- _PROBLEM DESCRIPTION_:
Search the data below for the word "Defpoints" and copy each line that holds it.
[MATERIAL PROVIDED — start]
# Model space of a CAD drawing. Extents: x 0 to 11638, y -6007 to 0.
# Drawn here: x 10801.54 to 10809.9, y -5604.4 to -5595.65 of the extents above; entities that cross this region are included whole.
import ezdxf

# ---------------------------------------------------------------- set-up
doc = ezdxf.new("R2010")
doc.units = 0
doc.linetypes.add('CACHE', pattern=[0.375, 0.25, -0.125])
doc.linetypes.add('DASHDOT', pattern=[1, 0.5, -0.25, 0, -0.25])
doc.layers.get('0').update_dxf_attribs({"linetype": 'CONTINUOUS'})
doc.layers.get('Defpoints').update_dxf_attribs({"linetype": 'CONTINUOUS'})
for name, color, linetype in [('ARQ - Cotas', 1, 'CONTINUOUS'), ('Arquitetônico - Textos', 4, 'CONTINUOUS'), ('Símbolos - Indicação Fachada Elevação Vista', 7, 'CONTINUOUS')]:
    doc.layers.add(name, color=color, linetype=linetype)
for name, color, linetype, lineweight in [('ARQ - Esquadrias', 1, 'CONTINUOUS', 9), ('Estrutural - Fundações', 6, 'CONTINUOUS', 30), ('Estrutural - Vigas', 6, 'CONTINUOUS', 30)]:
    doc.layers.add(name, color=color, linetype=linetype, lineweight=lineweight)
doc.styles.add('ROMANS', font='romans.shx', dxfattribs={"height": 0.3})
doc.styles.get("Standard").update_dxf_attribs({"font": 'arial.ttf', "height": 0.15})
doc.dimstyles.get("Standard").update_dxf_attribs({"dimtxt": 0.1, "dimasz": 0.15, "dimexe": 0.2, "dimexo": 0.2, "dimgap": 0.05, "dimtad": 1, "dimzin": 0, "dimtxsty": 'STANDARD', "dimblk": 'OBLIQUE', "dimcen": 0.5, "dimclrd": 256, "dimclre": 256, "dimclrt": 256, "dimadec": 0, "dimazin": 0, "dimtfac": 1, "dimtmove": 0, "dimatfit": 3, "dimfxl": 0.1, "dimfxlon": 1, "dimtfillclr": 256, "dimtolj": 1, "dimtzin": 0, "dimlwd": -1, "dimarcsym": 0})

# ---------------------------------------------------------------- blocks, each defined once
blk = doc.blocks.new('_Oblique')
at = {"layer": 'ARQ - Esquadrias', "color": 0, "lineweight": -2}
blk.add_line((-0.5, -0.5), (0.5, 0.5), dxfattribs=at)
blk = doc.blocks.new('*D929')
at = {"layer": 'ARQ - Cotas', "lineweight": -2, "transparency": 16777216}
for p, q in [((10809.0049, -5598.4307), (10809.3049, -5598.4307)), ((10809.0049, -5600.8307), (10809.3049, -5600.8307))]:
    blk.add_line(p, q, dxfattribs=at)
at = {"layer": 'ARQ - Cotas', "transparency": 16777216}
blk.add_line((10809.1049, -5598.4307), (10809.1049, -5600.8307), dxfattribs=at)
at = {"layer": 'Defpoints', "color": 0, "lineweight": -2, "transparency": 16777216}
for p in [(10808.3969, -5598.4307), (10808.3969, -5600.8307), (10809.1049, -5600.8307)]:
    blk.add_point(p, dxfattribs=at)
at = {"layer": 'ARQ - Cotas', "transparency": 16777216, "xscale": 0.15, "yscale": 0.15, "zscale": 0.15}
[MATERIAL PROVIDED — finish]
- _REPLY TO THE EXERCISE_:
doc.layers.get('Defpoints').update_dxf_attribs({"linetype": 'CONTINUOUS'})
at = {"layer": 'Defpoints', "color": 0, "lineweight": -2, "transparency": 16777216}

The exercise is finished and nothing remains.